§ ABOUT THIS TASK: Apart from any images, the entries are to be output exactly.

Records from a collection:
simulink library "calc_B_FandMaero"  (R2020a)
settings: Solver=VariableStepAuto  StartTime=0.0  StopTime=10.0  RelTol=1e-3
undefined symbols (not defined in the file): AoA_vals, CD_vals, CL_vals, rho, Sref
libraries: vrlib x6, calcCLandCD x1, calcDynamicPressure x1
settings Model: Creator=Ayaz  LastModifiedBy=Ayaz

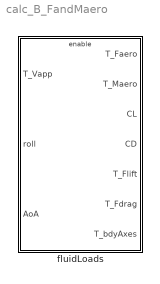
== system calc_B_FandMaero ==
  fluidLoads : Subsystem  mask{refArea=Sref, aeroCent=[-1;0;0], flowDensity=rho, AoA_vals=AoA_vals, CL_vals=CL_vals, CD_vals=CD_vals}
      mask prompts: refArea "Reference area [m^2]"; aeroCent "Aerodynamic center [m]"; flowDensity "Flow density [kg/m^3]"; AoA_vals "Angle of attack values [deg]"; CL_vals "Lift coeffcient values [-]"; CD_vals "Drag coefficient values [-]"
      mask TypeOptions flowDensity: dynamicPressure/flowDensity
      mask TypeOptions AoA_vals: CLandCD/AoA_vals
      mask TypeOptions CL_vals: CLandCD/CL_vals
      mask TypeOptions CD_vals: CLandCD/CD_vals

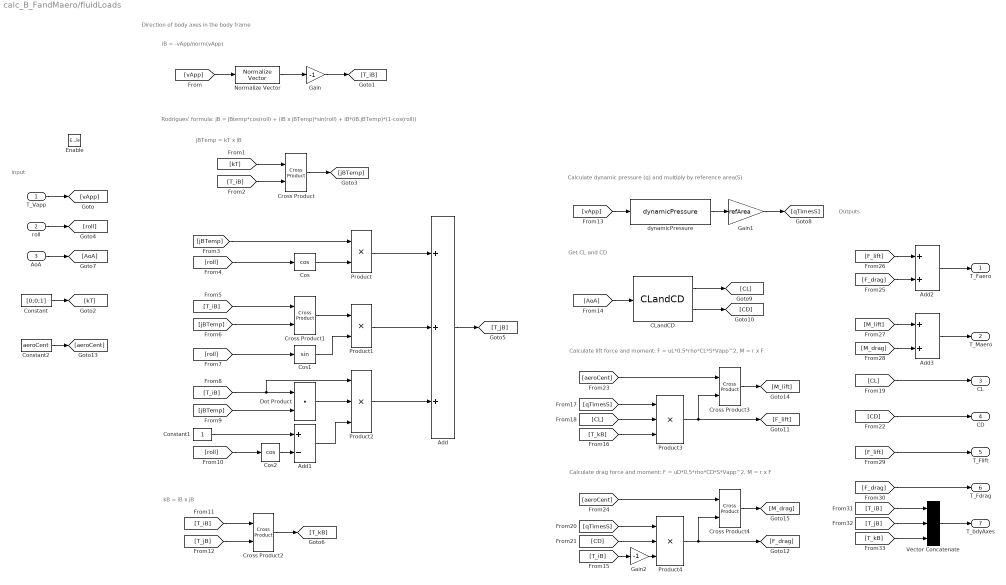
== system calc_B_FandMaero/fluidLoads ==
  note: Outputs
  note: Get CL and CD
  note: Calculate dynamic pressure (q) and multiply by reference area(S)
  note: Direction of body axes in the body frame
  note: jBTemp = kT x iB
  note: Rodrigues' formula: jB = jBtemp*cos(roll) + (iB x jBTemp)*sin(roll) + iB*(iB.jBTemp)*(1-cos(roll))
  note: iB = -vApp/norm(vApp)
  note: input
  note: kB = iB x jB
  note: Calculate lift force and moment: F = uL*0.5*rho*CL*S*Vapp^2, M = r x F
  note: Calculate drag force and moment: F = uD*0.5*rho*CD*S*Vapp^2, M = r x F
  T_Vapp : Inport
  roll : Inport  Port=2
  AoA : Inport  Port=3
  Enable : EnablePort
  Add : Sum  Inputs=+++
  Add1 : Sum  Inputs=+-
  Add2 : Sum
  Add3 : Sum
  CLandCD : calcCLandCD/CLandCD  AoA_vals=AoA_vals  CL_vals=CL_vals  CD_vals=CD_vals
  Constant : Constant  Value=[0;0;1]  VectorParams1D=off
  Constant1 : Constant
  Constant2 : Constant  Value=aeroCent  VectorParams1D=off
  Cos : Trigonometry  Operator=cos
  Cos1 : Trigonometry
  Cos2 : Trigonometry  Operator=cos
  Cross Product{,1..4} (5 alike) : vrlib/Utilities/Cross Product
  Dot Product : DotProduct  InputSameDT=on  OutDataTypeStr=Inherit: Inherit via internal rule
  Gain : Gain  Gain=-1
  Gain1 : Gain  Gain=refArea
  Gain2 : Gain  Gain=-1
  Normalize Vector : vrlib/Utilities/Normalize Vector  maxzero=0
  Product : Product
  Product1 : Product
  Product2 : Product  Inputs=3
  Product3 : Product  Inputs=3
  Product4 : Product  Inputs=3
  Vector Concatenate : Concatenate  NumInputs=3  Mode=Multidimensional array  ConcatenateDimension=2
  dynamicPressure : calcDynamicPressure/dynamicPressure  flowDensity=flowDensity
  T_Faero : Outport
  T_Maero : Outport  Port=2
  CL : Outport  Port=3
  CD : Outport  Port=4
  T_Flift : Outport  Port=5
  T_Fdrag : Outport  Port=6
  T_bdyAxes : Outport  Port=7
  wires:
  Gain2/1 -> Product4/3
  [T_iB] -> Gain2/1
  T_Vapp/1 -> [vApp]
  [vApp] -> Normalize Vector/1
  Normalize Vector/1 -> Gain/1
  Gain/1 -> [T_iB]
  Constant/1 -> [kT]
  [kT] -> Cross Product/1
  [T_iB] -> Cross Product/2
  Cross Product/1 -> [jBTemp]
  roll/1 -> [roll]
  [jBTemp] -> Product/1
  [roll] -> Cos/1
  Cos/1 -> Product/2
  Product/1 -> Add/1
  [T_iB] -> Cross Product1/1
  [jBTemp] -> Cross Product1/2
  Cross Product1/1 -> Product1/1
  Cos1/1 -> Product1/2
  [roll] -> Cos1/1
  Product1/1 -> Add/2
  [T_iB] -> Product2/1, Dot Product/1
  [jBTemp] -> Dot Product/2
  Dot Product/1 -> Product2/2
  [roll] -> Cos2/1
  Cos2/1 -> Add1/2
  Constant1/1 -> Add1/1
  Add1/1 -> Product2/3
  Product2/1 -> Add/3
  Add/1 -> [T_jB]
  Cross Product2/1 -> [T_kB]
  [T_jB] -> Cross Product2/2
  [T_iB] -> Cross Product2/1
  AoA/1 -> [AoA]
  [vApp] -> dynamicPressure/1
  [AoA] -> CLandCD/1
  dynamicPressure/1 -> Gain1/1
  Gain1/1 -> [qTimesS]
  CLandCD/2 -> [CD]
  CLandCD/1 -> [CL]
  [qTimesS] -> Product3/1
  [CL] -> Product3/2
  [T_kB] -> Product3/3
  [CD] -> Product4/2
  [CL] -> CL/1
  [CD] -> CD/1
  Product3/1 -> Cross Product3/2, [F_lift]
  Constant2/1 -> [aeroCent]
  [aeroCent] -> Cross Product3/1
  Cross Product3/1 -> [M_lift]
  Cross Product4/1 -> [M_drag]
  [aeroCent] -> Cross Product4/1
  Product4/1 -> [F_drag], Cross Product4/2
  [qTimesS] -> Product4/1
  [F_drag] -> Add2/2
  [F_lift] -> Add2/1
  Add2/1 -> T_Faero/1
  Add3/1 -> T_Maero/1
  [M_lift] -> Add3/1
  [M_drag] -> Add3/2
  [F_lift] -> T_Flift/1
  [F_drag] -> T_Fdrag/1
  [T_iB] -> Vector Concatenate/1
  [T_jB] -> Vector Concatenate/2
  [T_kB] -> Vector Concatenate/3
  Vector Concatenate/1 -> T_bdyAxes/1

§ SOLVED EXERCISE:
simulink library "calc_B_FandMaero"  (R2020a)
settings: Solver=VariableStepAuto  StartTime=0.0  StopTime=10.0  RelTol=1e-3
undefined symbols (not defined in the file): AoA_vals, CD_vals, CL_vals, rho, Sref
libraries: vrlib x6, calcCLandCD x1, calcDynamicPressure x1
settings Model: Creator=Ayaz  LastModifiedBy=Ayaz

== system calc_B_FandMaero ==
  fluidLoads : Subsystem  mask{refArea=Sref, aeroCent=[-1;0;0], flowDensity=rho, AoA_vals=AoA_vals, CL_vals=CL_vals, CD_vals=CD_vals}
      mask prompts: refArea "Reference area [m^2]"; aeroCent "Aerodynamic center [m]"; flowDensity "Flow density [kg/m^3]"; AoA_vals "Angle of attack values [deg]"; CL_vals "Lift coeffcient values [-]"; CD_vals "Drag coefficient values [-]"
      mask TypeOptions flowDensity: dynamicPressure/flowDensity
      mask TypeOptions AoA_vals: CLandCD/AoA_vals
      mask TypeOptions CL_vals: CLandCD/CL_vals
      mask TypeOptions CD_vals: CLandCD/CD_vals

== system calc_B_FandMaero/fluidLoads ==
  note: Outputs
  note: Get CL and CD
  note: Calculate dynamic pressure (q) and multiply by reference area(S)
  note: Direction of body axes in the body frame
  note: jBTemp = kT x iB
  note: Rodrigues' formula: jB = jBtemp*cos(roll) + (iB x jBTemp)*sin(roll) + iB*(iB.jBTemp)*(1-cos(roll))
  note: iB = -vApp/norm(vApp)
  note: input
  note: kB = iB x jB
  note: Calculate lift force and moment: F = uL*0.5*rho*CL*S*Vapp^2, M = r x F
  note: Calculate drag force and moment: F = uD*0.5*rho*CD*S*Vapp^2, M = r x F
  T_Vapp : Inport
  roll : Inport  Port=2
  AoA : Inport  Port=3
  Enable : EnablePort
  Add : Sum  Inputs=+++
  Add1 : Sum  Inputs=+-
  Add2 : Sum
  Add3 : Sum
  CLandCD : calcCLandCD/CLandCD  AoA_vals=AoA_vals  CL_vals=CL_vals  CD_vals=CD_vals
  Constant : Constant  Value=[0;0;1]  VectorParams1D=off
  Constant1 : Constant
  Constant2 : Constant  Value=aeroCent  VectorParams1D=off
  Cos : Trigonometry  Operator=cos
  Cos1 : Trigonometry
  Cos2 : Trigonometry  Operator=cos
  Cross Product{,1..4} (5 alike) : vrlib/Utilities/Cross Product
  Dot Product : DotProduct  InputSameDT=on  OutDataTypeStr=Inherit: Inherit via internal rule
  Gain : Gain  Gain=-1
  Gain1 : Gain  Gain=refArea
  Gain2 : Gain  Gain=-1
  Normalize Vector : vrlib/Utilities/Normalize Vector  maxzero=0
  Product : Product
  Product1 : Product
  Product2 : Product  Inputs=3
  Product3 : Product  Inputs=3
  Product4 : Product  Inputs=3
  Vector Concatenate : Concatenate  NumInputs=3  Mode=Multidimensional array  ConcatenateDimension=2
  dynamicPressure : calcDynamicPressure/dynamicPressure  flowDensity=flowDensity
  T_Faero : Outport
  T_Maero : Outport  Port=2
  CL : Outport  Port=3
  CD : Outport  Port=4
  T_Flift : Outport  Port=5
  T_Fdrag : Outport  Port=6
  T_bdyAxes : Outport  Port=7
  wires:
  Gain2/1 -> Product4/3
  [T_iB] -> Gain2/1
  T_Vapp/1 -> [vApp]
  [vApp] -> Normalize Vector/1
  Normalize Vector/1 -> Gain/1
  Gain/1 -> [T_iB]
  Constant/1 -> [kT]
  [kT] -> Cross Product/1
  [T_iB] -> Cross Product/2
  Cross Product/1 -> [jBTemp]
  roll/1 -> [roll]
  [jBTemp] -> Product/1
  [roll] -> Cos/1
  Cos/1 -> Product/2
  Product/1 -> Add/1
  [T_iB] -> Cross Product1/1
  [jBTemp] -> Cross Product1/2
  Cross Product1/1 -> Product1/1
  Cos1/1 -> Product1/2
  [roll] -> Cos1/1
  Product1/1 -> Add/2
  [T_iB] -> Product2/1, Dot Product/1
  [jBTemp] -> Dot Product/2
  Dot Product/1 -> Product2/2
  [roll] -> Cos2/1
  Cos2/1 -> Add1/2
  Constant1/1 -> Add1/1
  Add1/1 -> Product2/3
  Product2/1 -> Add/3
  Add/1 -> [T_jB]
  Cross Product2/1 -> [T_kB]
  [T_jB] -> Cross Product2/2
  [T_iB] -> Cross Product2/1
  AoA/1 -> [AoA]
  [vApp] -> dynamicPressure/1
  [AoA] -> CLandCD/1
  dynamicPressure/1 -> Gain1/1
  Gain1/1 -> [qTimesS]
  CLandCD/2 -> [CD]
  CLandCD/1 -> [CL]
  [qTimesS] -> Product3/1
  [CL] -> Product3/2
  [T_kB] -> Product3/3
  [CD] -> Product4/2
  [CL] -> CL/1
  [CD] -> CD/1
  Product3/1 -> Cross Product3/2, [F_lift]
  Constant2/1 -> [aeroCent]
  [aeroCent] -> Cross Product3/1
  Cross Product3/1 -> [M_lift]
  Cross Product4/1 -> [M_drag]
  [aeroCent] -> Cross Product4/1
  Product4/1 -> [F_drag], Cross Product4/2
  [qTimesS] -> Product4/1
  [F_drag] -> Add2/2
  [F_lift] -> Add2/1
  Add2/1 -> T_Faero/1
  Add3/1 -> T_Maero/1
  [M_lift] -> Add3/1
  [M_drag] -> Add3/2
  [F_lift] -> T_Flift/1
  [F_drag] -> T_Fdrag/1
  [T_iB] -> Vector Concatenate/1
  [T_jB] -> Vector Concatenate/2
  [T_kB] -> Vector Concatenate/3
  Vector Concatenate/1 -> T_bdyAxes/1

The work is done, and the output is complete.